**TASK DIRECTIONS**
The pictures in the data below are to be omitted; all else must be duplicated exactly.

*** Begin section ***

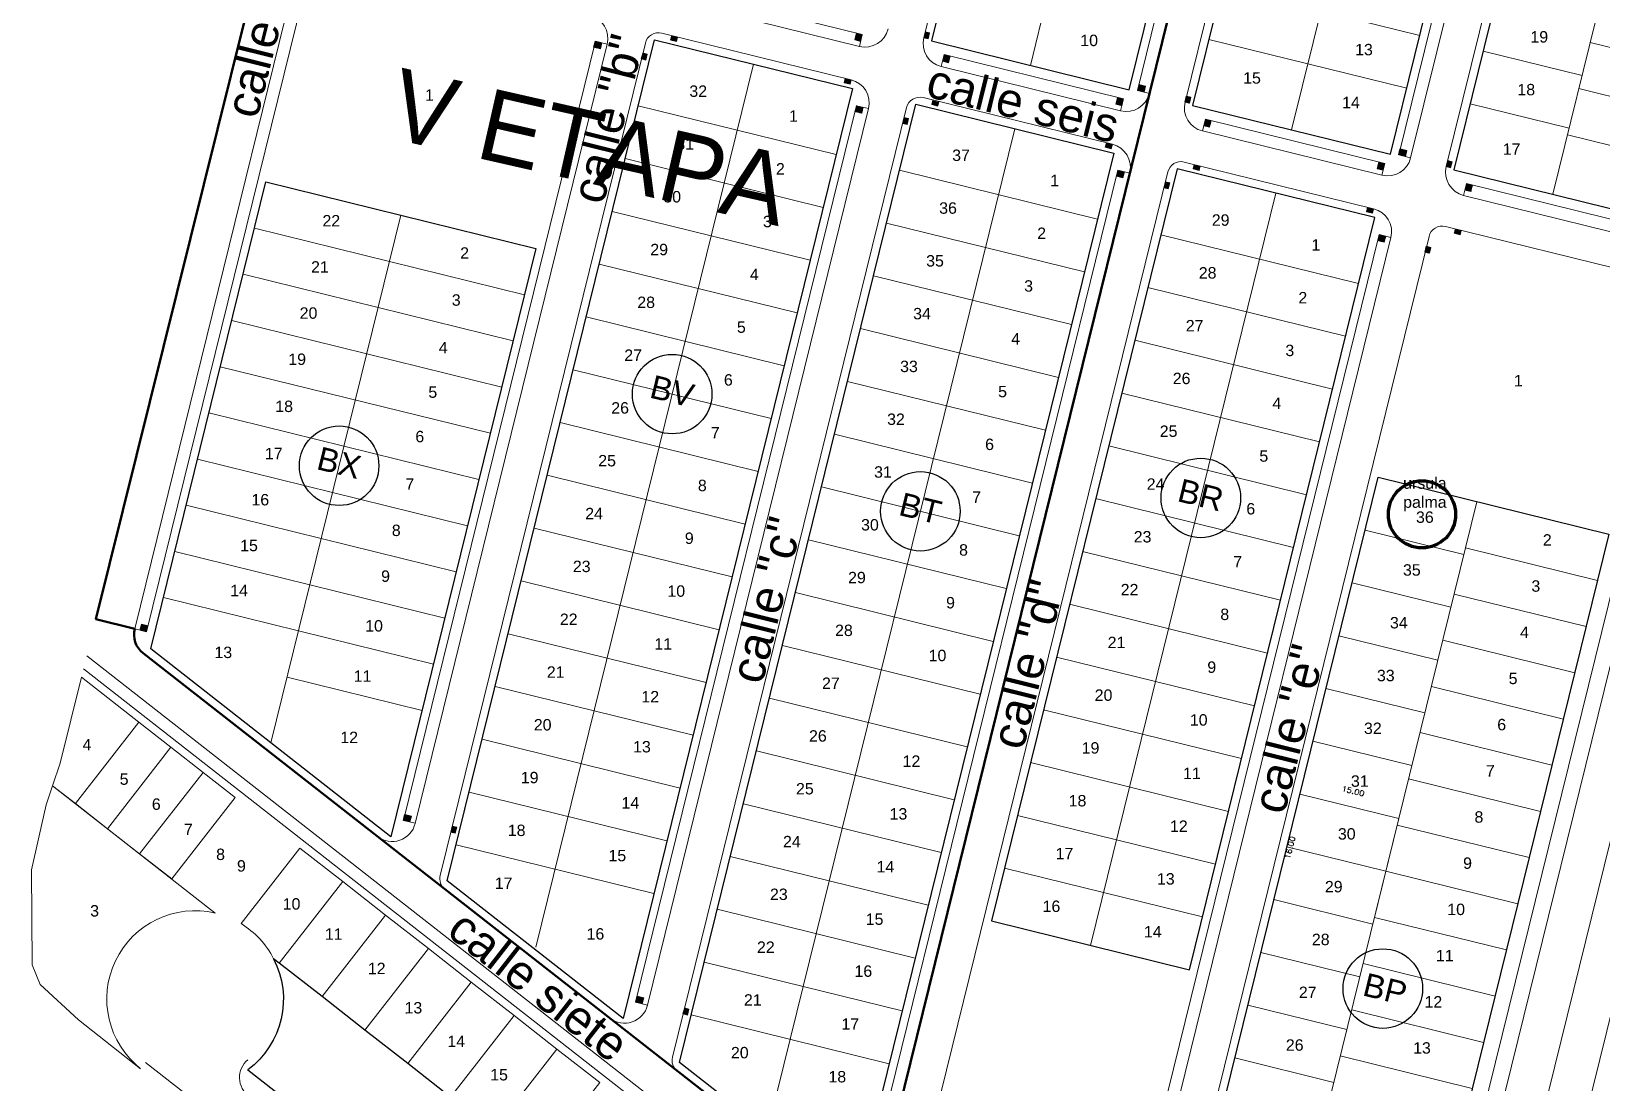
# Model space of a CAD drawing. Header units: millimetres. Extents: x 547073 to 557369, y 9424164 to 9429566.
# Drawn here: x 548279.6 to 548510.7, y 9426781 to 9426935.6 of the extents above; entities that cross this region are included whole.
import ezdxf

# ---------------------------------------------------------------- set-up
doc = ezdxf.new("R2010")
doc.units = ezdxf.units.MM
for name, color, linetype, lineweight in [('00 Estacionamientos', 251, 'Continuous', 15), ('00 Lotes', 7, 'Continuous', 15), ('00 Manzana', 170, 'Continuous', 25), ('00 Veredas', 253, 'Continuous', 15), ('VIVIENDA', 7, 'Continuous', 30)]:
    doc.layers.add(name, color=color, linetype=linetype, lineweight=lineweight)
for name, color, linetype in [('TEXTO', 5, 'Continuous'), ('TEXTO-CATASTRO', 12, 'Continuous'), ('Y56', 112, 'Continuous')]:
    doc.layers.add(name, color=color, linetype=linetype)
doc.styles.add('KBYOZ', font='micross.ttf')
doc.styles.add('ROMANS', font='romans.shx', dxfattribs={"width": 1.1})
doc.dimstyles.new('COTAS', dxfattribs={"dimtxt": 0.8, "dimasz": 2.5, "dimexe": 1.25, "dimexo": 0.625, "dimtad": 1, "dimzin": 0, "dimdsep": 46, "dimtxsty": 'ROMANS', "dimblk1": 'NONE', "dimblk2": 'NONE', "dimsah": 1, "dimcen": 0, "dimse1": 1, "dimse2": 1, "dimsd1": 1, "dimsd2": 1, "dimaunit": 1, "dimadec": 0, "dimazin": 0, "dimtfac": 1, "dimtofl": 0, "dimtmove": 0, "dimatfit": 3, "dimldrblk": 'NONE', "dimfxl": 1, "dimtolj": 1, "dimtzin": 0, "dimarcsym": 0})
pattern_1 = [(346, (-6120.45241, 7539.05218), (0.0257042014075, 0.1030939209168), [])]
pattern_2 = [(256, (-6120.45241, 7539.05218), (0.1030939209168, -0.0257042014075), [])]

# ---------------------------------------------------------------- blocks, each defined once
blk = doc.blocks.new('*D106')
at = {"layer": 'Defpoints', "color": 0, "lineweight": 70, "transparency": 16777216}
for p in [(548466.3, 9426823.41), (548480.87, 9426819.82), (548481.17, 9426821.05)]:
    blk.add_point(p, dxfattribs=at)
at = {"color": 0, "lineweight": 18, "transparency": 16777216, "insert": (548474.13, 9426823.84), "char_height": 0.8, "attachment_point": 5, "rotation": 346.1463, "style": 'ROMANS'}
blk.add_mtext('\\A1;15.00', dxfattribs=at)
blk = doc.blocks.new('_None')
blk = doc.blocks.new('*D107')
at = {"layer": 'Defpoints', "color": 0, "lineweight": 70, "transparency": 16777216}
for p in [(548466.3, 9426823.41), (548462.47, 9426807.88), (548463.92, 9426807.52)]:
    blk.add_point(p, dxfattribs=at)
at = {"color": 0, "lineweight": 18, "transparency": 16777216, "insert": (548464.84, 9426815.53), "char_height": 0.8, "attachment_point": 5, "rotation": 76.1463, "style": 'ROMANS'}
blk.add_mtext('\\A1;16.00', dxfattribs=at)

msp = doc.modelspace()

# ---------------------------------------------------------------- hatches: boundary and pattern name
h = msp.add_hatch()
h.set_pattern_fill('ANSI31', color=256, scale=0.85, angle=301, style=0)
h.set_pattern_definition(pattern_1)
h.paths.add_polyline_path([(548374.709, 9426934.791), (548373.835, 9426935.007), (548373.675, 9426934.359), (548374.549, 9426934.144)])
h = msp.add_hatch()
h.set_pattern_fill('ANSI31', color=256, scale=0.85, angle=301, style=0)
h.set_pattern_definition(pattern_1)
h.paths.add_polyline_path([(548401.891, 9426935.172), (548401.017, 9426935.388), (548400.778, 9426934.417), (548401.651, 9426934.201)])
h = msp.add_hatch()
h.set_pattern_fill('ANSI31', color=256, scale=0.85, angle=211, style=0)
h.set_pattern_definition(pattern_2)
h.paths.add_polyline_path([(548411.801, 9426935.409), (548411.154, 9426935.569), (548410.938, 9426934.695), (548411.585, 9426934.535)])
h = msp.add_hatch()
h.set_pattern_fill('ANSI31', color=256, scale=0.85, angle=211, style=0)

*** End section ***

**SOLUTION TO THIS EXERCISE**
# Model space of a CAD drawing. Header units: millimetres. Extents: x 547073 to 557369, y 9424164 to 9429566.
# Drawn here: x 548279.6 to 548510.7, y 9426781 to 9426935.6 of the extents above; entities that cross this region are included whole.
import ezdxf

# ---------------------------------------------------------------- set-up
doc = ezdxf.new("R2010")
doc.units = ezdxf.units.MM
for name, color, linetype, lineweight in [('00 Estacionamientos', 251, 'Continuous', 15), ('00 Lotes', 7, 'Continuous', 15), ('00 Manzana', 170, 'Continuous', 25), ('00 Veredas', 253, 'Continuous', 15), ('VIVIENDA', 7, 'Continuous', 30)]:
    doc.layers.add(name, color=color, linetype=linetype, lineweight=lineweight)
for name, color, linetype in [('TEXTO', 5, 'Continuous'), ('TEXTO-CATASTRO', 12, 'Continuous'), ('Y56', 112, 'Continuous')]:
    doc.layers.add(name, color=color, linetype=linetype)
doc.styles.add('KBYOZ', font='micross.ttf')
doc.styles.add('ROMANS', font='romans.shx', dxfattribs={"width": 1.1})
doc.dimstyles.new('COTAS', dxfattribs={"dimtxt": 0.8, "dimasz": 2.5, "dimexe": 1.25, "dimexo": 0.625, "dimtad": 1, "dimzin": 0, "dimdsep": 46, "dimtxsty": 'ROMANS', "dimblk1": 'NONE', "dimblk2": 'NONE', "dimsah": 1, "dimcen": 0, "dimse1": 1, "dimse2": 1, "dimsd1": 1, "dimsd2": 1, "dimaunit": 1, "dimadec": 0, "dimazin": 0, "dimtfac": 1, "dimtofl": 0, "dimtmove": 0, "dimatfit": 3, "dimldrblk": 'NONE', "dimfxl": 1, "dimtolj": 1, "dimtzin": 0, "dimarcsym": 0})
pattern_1 = [(346, (-6120.45241, 7539.05218), (0.0257042014075, 0.1030939209168), [])]
pattern_2 = [(256, (-6120.45241, 7539.05218), (0.1030939209168, -0.0257042014075), [])]

# ---------------------------------------------------------------- blocks, each defined once
blk = doc.blocks.new('*D106')
at = {"layer": 'Defpoints', "color": 0, "lineweight": 70, "transparency": 16777216}
for p in [(548466.3, 9426823.41), (548480.87, 9426819.82), (548481.17, 9426821.05)]:
    blk.add_point(p, dxfattribs=at)
at = {"color": 0, "lineweight": 18, "transparency": 16777216, "insert": (548474.13, 9426823.84), "char_height": 0.8, "attachment_point": 5, "rotation": 346.1463, "style": 'ROMANS'}
blk.add_mtext('\\A1;15.00', dxfattribs=at)
blk = doc.blocks.new('_None')
blk = doc.blocks.new('*D107')
at = {"layer": 'Defpoints', "color": 0, "lineweight": 70, "transparency": 16777216}
for p in [(548466.3, 9426823.41), (548462.47, 9426807.88), (548463.92, 9426807.52)]:
    blk.add_point(p, dxfattribs=at)
at = {"color": 0, "lineweight": 18, "transparency": 16777216, "insert": (548464.84, 9426815.53), "char_height": 0.8, "attachment_point": 5, "rotation": 76.1463, "style": 'ROMANS'}
blk.add_mtext('\\A1;16.00', dxfattribs=at)

msp = doc.modelspace()

# ---------------------------------------------------------------- hatches: boundary and pattern name
h = msp.add_hatch()
h.set_pattern_fill('ANSI31', color=256, scale=0.85, angle=301, style=0)
h.set_pattern_definition(pattern_1)
h.paths.add_polyline_path([(548374.709, 9426934.791), (548373.835, 9426935.007), (548373.675, 9426934.359), (548374.549, 9426934.144)])
h = msp.add_hatch()
h.set_pattern_fill('ANSI31', color=256, scale=0.85, angle=301, style=0)
h.set_pattern_definition(pattern_1)
h.paths.add_polyline_path([(548401.891, 9426935.172), (548401.017, 9426935.388), (548400.778, 9426934.417), (548401.651, 9426934.201)])
h = msp.add_hatch()
h.set_pattern_fill('ANSI31', color=256, scale=0.85, angle=211, style=0)
h.set_pattern_definition(pattern_2)
h.paths.add_polyline_path([(548411.801, 9426935.409), (548411.154, 9426935.569), (548410.938, 9426934.695), (548411.585, 9426934.535)])
h = msp.add_hatch()
h.set_pattern_fill('ANSI31', color=256, scale=0.85, angle=211, style=0)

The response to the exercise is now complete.